§ PROBLEM TO WORK ON: Identify each line in the records below that contains the word "header", and copy it.

§ INPUT DATA:
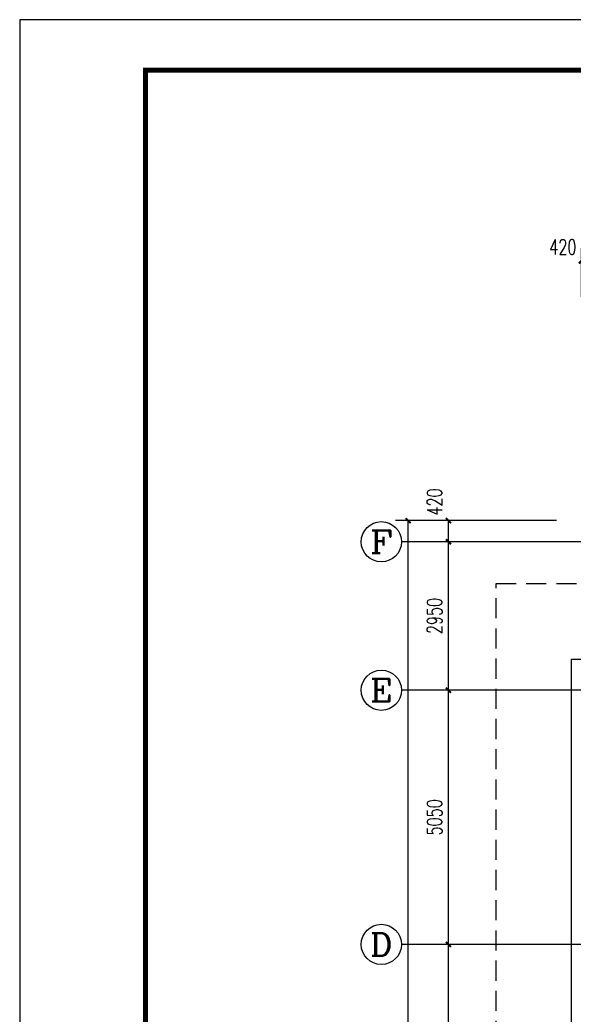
# Model space of a CAD drawing. Extents: x 2297255 to 2381355, y -608375 to -364775.
# Drawn here: x 2297255 to 2308277, y -445947 to -426175 of the extents above; entities that cross this region are included whole.
import ezdxf
from ezdxf.enums import TextEntityAlignment as Align

# ---------------------------------------------------------------- set-up
doc = ezdxf.new("R2010")
doc.units = 0
doc.header["$LTSCALE"] = 1000
doc.header["$MEASUREMENT"] = 0
doc.linetypes.add('_DASH', pattern=[0.6, 0.4, -0.2])
for name, color, linetype in [('AXIS', 3, 'Continuous'), ('AXIS_TEXT', 7, 'Continuous'), ('CURTWALL', 4, 'Continuous'), ('PUB_DIM', 3, 'Continuous'), ('TK', 4, 'Continuous')]:
    doc.layers.add(name, color=color, linetype=linetype)
doc.styles.add('_TCH_AXIS', font='COMPLEX', dxfattribs={"bigfont": 'GBCBIG'})
doc.styles.add('_TCH_DIM_T3', font='SIMPLEX', dxfattribs={"width": 0.705882, "bigfont": 'GBCBIG'})
doc.styles.add('COMPLEX', font='COMPLEX')
doc.styles.add('HZTXT1', font='romans.shx', dxfattribs={"width": 0.7, "bigfont": 'GBHZFS.SHX'})
doc.styles.get("Standard").update_dxf_attribs({"font": 'gbenor.shx', "bigfont": 'gbcbig.shx'})
doc.dimstyles.new('_TCH_ARCH&&100', dxfattribs={"dimtxt": 297.5, "dimasz": 100, "dimexe": 250, "dimexo": 300, "dimgap": 126.25, "dimtad": 1, "dimdec": 0, "dimzin": 0, "dimdsep": 46, "dimtxsty": '_TCH_DIM_T3', "dimblk": 'ARCHTICK', "dimcen": 0.09, "dimclrt": 7, "dimazin": 2, "dimtfac": 1, "dimtdec": 0, "dimtix": 1, "dimtmove": 2, "dimatfit": 3, "dimfxl": 30, "dimtolj": 1, "dimtzin": 0, "dimarcsym": 0})

# ---------------------------------------------------------------- blocks, each defined once
blk = doc.blocks.new('_ArchTick')
at = {"color": 0, "linetype": 'ByBlock', "const_width": 0.4}
blk.add_lwpolyline([(-0.5, -0.5), (0.5, 0.5)], dxfattribs=at)
blk = doc.blocks.new('*D71')
at = {"layer": 'Defpoints', "color": 0, "transparency": 16777216}
for p in [(-43367, 27780), (-40920, 27780), (-40920, 27360)]:
    blk.add_point(p, dxfattribs=at)
at = {"layer": 'PUB_DIM', "color": 0, "lineweight": -2, "transparency": 16777216}
for p, q in [((-41220, 27780), (-43617, 27780)), ((-43367, 27360), (-43367, 27780)), ((-41220, 27360), (-43617, 27360))]:
    blk.add_line(p, q, dxfattribs=at)
at = {"layer": 'PUB_DIM', "color": 0, "lineweight": -2, "transparency": 16777216, "xscale": 100, "yscale": 100, "zscale": 100}
for p, rotation in [((-43367, 27780), 90), ((-43367, 27360), 270)]:
    blk.add_blockref('_ArchTick', p, dxfattribs=dict(at, rotation=rotation))
at = {"layer": 'PUB_DIM', "color": 7, "transparency": 16777216, "insert": (-43642, 28150), "char_height": 297.5, "attachment_point": 5, "rotation": 90, "style": '_TCH_DIM_T3'}
blk.add_mtext('\\A1;420', dxfattribs=at)
blk = doc.blocks.new('*D72')
at = {"layer": 'Defpoints', "color": 0, "transparency": 16777216}
for p in [(-43367, 27360), (-40920, 27360), (-40920, 24410)]:
    blk.add_point(p, dxfattribs=at)
at = {"layer": 'PUB_DIM', "color": 0, "lineweight": -2, "transparency": 16777216}
for p, q in [((-41220, 27360), (-43617, 27360)), ((-43367, 24410), (-43367, 27360)), ((-41220, 24410), (-43617, 24410))]:
    blk.add_line(p, q, dxfattribs=at)
at = {"layer": 'PUB_DIM', "color": 0, "lineweight": -2, "transparency": 16777216, "xscale": 100, "yscale": 100, "zscale": 100}
for p, rotation in [((-43367, 27360), 90), ((-43367, 24410), 270)]:
    blk.add_blockref('_ArchTick', p, dxfattribs=dict(at, rotation=rotation))
at = {"layer": 'PUB_DIM', "color": 7, "transparency": 16777216, "insert": (-43642, 25885), "char_height": 297.5, "attachment_point": 5, "rotation": 90, "style": '_TCH_DIM_T3'}
blk.add_mtext('\\A1;2950', dxfattribs=at)
blk = doc.blocks.new('*D73')
at = {"layer": 'Defpoints', "color": 0, "transparency": 16777216}
for p in [(-43367, 24410), (-40920, 24410), (-40920, 19360)]:
    blk.add_point(p, dxfattribs=at)
at = {"layer": 'PUB_DIM', "color": 0, "lineweight": -2, "transparency": 16777216}
for p, q in [((-41220, 24410), (-43617, 24410)), ((-43367, 19360), (-43367, 24410)), ((-41220, 19360), (-43617, 19360))]:
    blk.add_line(p, q, dxfattribs=at)
at = {"layer": 'PUB_DIM', "color": 0, "lineweight": -2, "transparency": 16777216, "xscale": 100, "yscale": 100, "zscale": 100}
for p, rotation in [((-43367, 24410), 90), ((-43367, 19360), 270)]:
    blk.add_blockref('_ArchTick', p, dxfattribs=dict(at, rotation=rotation))
at = {"layer": 'PUB_DIM', "color": 7, "transparency": 16777216, "insert": (-43642, 21885), "char_height": 297.5, "attachment_point": 5, "rotation": 90, "style": '_TCH_DIM_T3'}
blk.add_mtext('\\A1;5050', dxfattribs=at)
blk = doc.blocks.new('*D74')
at = {"layer": 'Defpoints', "color": 0, "transparency": 16777216}
for p in [(-43367, 19360), (-40920, 19360), (-40920, 11360)]:
    blk.add_point(p, dxfattribs=at)
at = {"layer": 'PUB_DIM', "color": 0, "lineweight": -2, "transparency": 16777216}
for p, q in [((-41220, 19360), (-43617, 19360)), ((-43367, 11360), (-43367, 19360)), ((-41220, 11360), (-43617, 11360))]:
    blk.add_line(p, q, dxfattribs=at)
at = {"layer": 'PUB_DIM', "color": 0, "lineweight": -2, "transparency": 16777216, "xscale": 100, "yscale": 100, "zscale": 100}
for p, rotation in [((-43367, 19360), 90), ((-43367, 11360), 270)]:
    blk.add_blockref('_ArchTick', p, dxfattribs=dict(at, rotation=rotation))
at = {"layer": 'PUB_DIM', "color": 7, "transparency": 16777216, "insert": (-43642, 15360), "char_height": 297.5, "attachment_point": 5, "rotation": 90, "style": '_TCH_DIM_T3'}
blk.add_mtext('\\A1;8000', dxfattribs=at)
blk = doc.blocks.new('*D78')
at = {"layer": 'Defpoints', "color": 0, "transparency": 16777216}
for p in [(-44167, 27780), (-42976, 27780), (-42976, -3260)]:
    blk.add_point(p, dxfattribs=at)
at = {"layer": 'PUB_DIM', "color": 0, "lineweight": -2, "transparency": 16777216}
for p, q in [((-43276, 27780), (-44417, 27780)), ((-44167, -3260), (-44167, 27780)), ((-43276, -3260), (-44417, -3260))]:
    blk.add_line(p, q, dxfattribs=at)
at = {"layer": 'PUB_DIM', "color": 0, "lineweight": -2, "transparency": 16777216, "xscale": 100, "yscale": 100, "zscale": 100}
for p, rotation in [((-44167, 27780), 90), ((-44167, -3260), 270)]:
    blk.add_blockref('_ArchTick', p, dxfattribs=dict(at, rotation=rotation))
at = {"layer": 'PUB_DIM', "color": 7, "transparency": 16777216, "insert": (-44442, 12260), "char_height": 297.5, "attachment_point": 5, "rotation": 90, "style": '_TCH_DIM_T3'}
blk.add_mtext('\\A1;31040', dxfattribs=at)
blk = doc.blocks.new('*D89')
at = {"layer": 'Defpoints', "color": 0, "transparency": 16777216}
for p in [(-40300, 32940), (-40720, 31924), (-40300, 31924)]:
    blk.add_point(p, dxfattribs=at)
at = {"layer": 'PUB_DIM', "color": 0, "lineweight": -2, "transparency": 16777216}
for p, q in [((-40720, 32224), (-40720, 33190)), ((-40300, 32224), (-40300, 33190)), ((-40720, 32940), (-40300, 32940))]:
    blk.add_line(p, q, dxfattribs=at)
at = {"layer": 'PUB_DIM', "color": 0, "lineweight": -2, "transparency": 16777216, "xscale": 100, "yscale": 100, "zscale": 100, "rotation": 180}
blk.add_blockref('_ArchTick', (-40720, 32940), dxfattribs=at)
at = {"layer": 'PUB_DIM', "color": 0, "lineweight": -2, "transparency": 16777216, "xscale": 100, "yscale": 100, "zscale": 100}
blk.add_blockref('_ArchTick', (-40300, 32940), dxfattribs=at)
at = {"layer": 'PUB_DIM', "color": 7, "transparency": 16777216, "insert": (-41090, 33215), "char_height": 297.5, "attachment_point": 5, "style": '_TCH_DIM_T3'}
blk.add_mtext('\\A1;420', dxfattribs=at)
blk = doc.blocks.new('*D218')
at = {"layer": 'Defpoints', "color": 0, "transparency": 16777216}
for p in [(-43367, 27780), (-40920, 27780), (-40920, 27360)]:
    blk.add_point(p, dxfattribs=at)
at = {"layer": 'PUB_DIM', "color": 0, "lineweight": -2, "transparency": 16777216}
for p, q in [((-41220, 27780), (-43617, 27780)), ((-43367, 27360), (-43367, 27780)), ((-41220, 27360), (-43617, 27360))]:
    blk.add_line(p, q, dxfattribs=at)
at = {"layer": 'PUB_DIM', "color": 0, "lineweight": -2, "transparency": 16777216, "xscale": 100, "yscale": 100, "zscale": 100}
for p, rotation in [((-43367, 27780), 90), ((-43367, 27360), 270)]:
    blk.add_blockref('_ArchTick', p, dxfattribs=dict(at, rotation=rotation))
at = {"layer": 'PUB_DIM', "color": 7, "transparency": 16777216, "insert": (-43642, 28150), "char_height": 297.5, "attachment_point": 5, "rotation": 90, "style": '_TCH_DIM_T3'}
blk.add_mtext('\\A1;420', dxfattribs=at)
blk = doc.blocks.new('*D219')
at = {"layer": 'Defpoints', "color": 0, "transparency": 16777216}
for p in [(-43367, 27360), (-40920, 27360), (-40920, 24410)]:
    blk.add_point(p, dxfattribs=at)
at = {"layer": 'PUB_DIM', "color": 0, "lineweight": -2, "transparency": 16777216}
for p, q in [((-41220, 27360), (-43617, 27360)), ((-43367, 24410), (-43367, 27360)), ((-41220, 24410), (-43617, 24410))]:
    blk.add_line(p, q, dxfattribs=at)
at = {"layer": 'PUB_DIM', "color": 0, "lineweight": -2, "transparency": 16777216, "xscale": 100, "yscale": 100, "zscale": 100}
for p, rotation in [((-43367, 27360), 90), ((-43367, 24410), 270)]:
    blk.add_blockref('_ArchTick', p, dxfattribs=dict(at, rotation=rotation))
at = {"layer": 'PUB_DIM', "color": 7, "transparency": 16777216, "insert": (-43642, 25885), "char_height": 297.5, "attachment_point": 5, "rotation": 90, "style": '_TCH_DIM_T3'}
blk.add_mtext('\\A1;2950', dxfattribs=at)
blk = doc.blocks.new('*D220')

§ SOLUTION TO THIS PROBLEM:
doc.header["$LTSCALE"] = 1000
doc.header["$MEASUREMENT"] = 0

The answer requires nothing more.